U.S. Sen. Bernie Sanders on Tuesday met with Mahmoud Khalil—the former Columbia University Palestine defender recently imprisoned by the Trump administration—on the same day that the school expelled or suspended more than 70 students who protested Israel's genocidal obliteration of Gaza.
Sanders (I-Vt.) posted a photo of himself with his arm around a beaming Khalil, with the caption: "I met with Mahmoud Khalil, a Palestinian student at Columbia University, who was imprisoned for 104 days by the Trump administration for opposing [Israeli Prime Minister Benjamin] Netanyahu's illegal and horrific war in Gaza. Outrageous. We must not allow [U.S. President Donald] Trump to destroy the First Amendment and freedom to dissent."
Khalil, an Algerian citizen of Palestinian descent married to a U.S. citizen, last year finished his graduate studies at Columbia. He was arrested at his New York home by plainclothes Department of Homeland Security officers on March 8 before being transferred to New Jersey and then Louisiana, where he missed the birth of his first child.
Accused of no criminal offense and widely considered a political prisoner, Khalil was arrested following Trump's issuance of an executive order authorizing the deportation of noncitizen students and others who take part in pro-Palestine demonstrations. U.S. Secretary of State Marco Rubio has also invoked the Immigration and Nationality Act of 1952—which allows for the deportation of noncitizens whose presence in the United States is deemed detrimental to foreign policy interests—to target peaceful Palestine protesters who have committed no crimes.

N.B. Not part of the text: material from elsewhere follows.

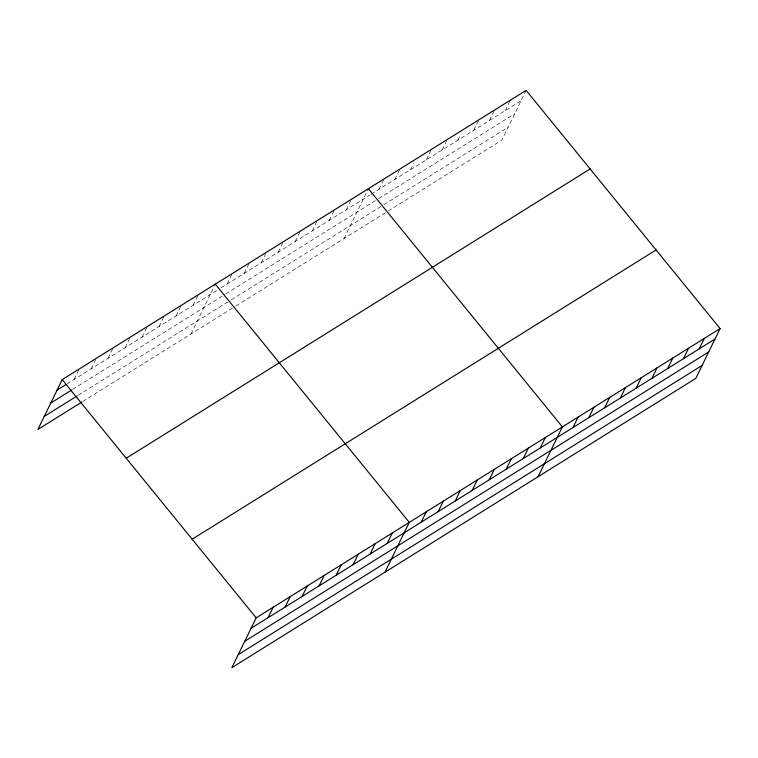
<?xml version="1.0" encoding="UTF-8"?>
<svg xmlns="http://www.w3.org/2000/svg" width="758" height="758" viewBox="0 0 758 758"><rect width="100%" height="100%" fill="white"/><g stroke="black" fill="none" stroke-linecap="round" stroke-linejoin="round"><path stroke-width="0.57" stroke-dasharray="3.79 2.84" d="M74.113 379.455L79.202 369.013M91.121 368.843L96.219 358.411M108.138 358.24L112.715 348.851M125.146 347.638L130.234 337.196M142.153 337.026L147.251 326.594M159.171 326.423L164.259 315.982M176.178 315.811L181.266 305.379M193.186 305.209L197.772 295.81M190.997 333.975L214.779 285.207M227.211 283.994L231.787 274.604M244.218 273.392L248.804 263.992M261.226 262.78L266.323 252.348M278.243 252.177L282.819 242.778M295.25 241.565L299.836 232.175M312.258 230.963L316.844 221.563M329.275 220.351L333.852 210.961M346.283 209.748L350.869 200.358M344.085 238.514L367.876 189.746M379.066 189.311L384.154 178.869M394.842 179.475L399.419 170.076M410.618 169.631L413.669 163.377M426.384 159.796L431.482 149.364M442.16 149.961L447.248 139.529M457.936 140.126L460.987 133.863M473.703 130.291L478.289 120.901M489.479 120.456L494.064 111.066M505.254 110.621L509.831 101.231M526.118 90.354L501.824 140.164L388.456 210.857M67.111 383.823L217.205 290.238M221.203 287.737L370.198 194.834M371.183 194.228L521.03 100.786M72.777 389.328L224.87 294.492M225.875 293.867L377.655 199.231M378.64 198.615L514.691 113.785M78.254 395.231L229.352 301.021M231.351 299.77L381.975 205.854M383.946 204.622L508.163 127.173M82.925 401.361L235.018 306.526M236.022 305.9L387.461 211.473"/><path stroke-width="1.14" d="M720.1 328.565L256.176 617.836L231.882 667.646L695.806 378.375L720.1 328.565L526.118 90.354L62.194 379.625L37.9 429.435L81.93 401.986M268.095 617.666L273.183 607.234M285.112 607.063L290.2 596.622M302.12 596.451L307.208 586.019M319.127 585.849L324.216 575.407M336.135 575.237L341.233 564.805M353.152 564.634L358.24 554.193M370.16 554.032L375.248 543.59M387.167 543.42L392.265 532.988M384.979 572.186L409.273 522.376L215.291 284.165M421.192 522.205L426.28 511.773M438.2 511.603L443.297 501.161M455.217 500.991L460.305 490.559M472.225 490.388L477.313 479.947M489.232 479.786L494.32 469.344M506.24 469.174L511.337 458.732M523.257 458.571L528.345 448.13M540.264 447.959L545.353 437.527M538.076 476.725L562.37 426.915L368.388 188.704M573.048 427.521L578.136 417.08M588.824 417.686L593.912 407.245M604.6 407.851L609.688 397.41M620.366 398.016L625.464 387.575M636.142 388.181L641.23 377.74M651.918 378.346L657.006 367.905M667.694 368.511L672.782 358.07M683.46 358.676L688.558 348.235M699.236 348.841L704.324 338.4M57.106 390.057L66.107 384.448M50.767 403.057L71.783 389.953M44.239 416.445L77.259 395.856M126.207 458.23L590.131 168.958M192.162 539.222L656.087 249.951M251.088 628.278L715.012 339.006M244.749 641.268L708.673 351.996M238.22 654.656L702.145 365.384M62.194 379.625L256.176 617.836"/></g></svg>

Khalil was released last month upon a federal judge's order. He is far from the only student jailed for opposing the Gaza genocide; others include Mohsen Mahdawi and Yunseo Chung—both permanent U.S. residents—as well as Rümeysa Öztürk, Badar Khan Suri, and others.
On Tuesday, Columbia announced disciplinary action against more than 70 students who took part in last year's protests for Gaza at the New York City school's Butler Library. Around 80 Columbia students were arrested amid the violent police crackdown on campus encampments and occupations.
"While the university does not release individual disciplinary results of any student, the sanctions from Butler Library include probation, suspensions (ranging from one year to three years), degree revocations, and expulsions," Columbia's Office of Public Affairs said in a statement.
The school's announcement came days after Columbia and Trump administration officials met in Washington, D.C. to negotiate an agreement to restore most of the nearly $400 million in federal contracts for the university that were canceled in March over an alleged failure to tackle antisemitism.
As part of the deal, Columbia agreed to adopt the dubious International Holocaust Remembrance Alliance Working Definition of Antisemitism, which critics say conflates legitimate criticism and condemnation of Israeli policies and practices with anti-Jewish bigotry, and forces people to accept the legitimacy of a settler-colonial apartheid state engaged in illegal occupation and a war that experts increasingly agree is genocidal.
The school also said it would partner with the Anti-Defamation League on antisemitism training. Last year, the Council on American-Islamic Relations condemned the ADL for what it called a "pattern of enabling anti-Palestinian hate."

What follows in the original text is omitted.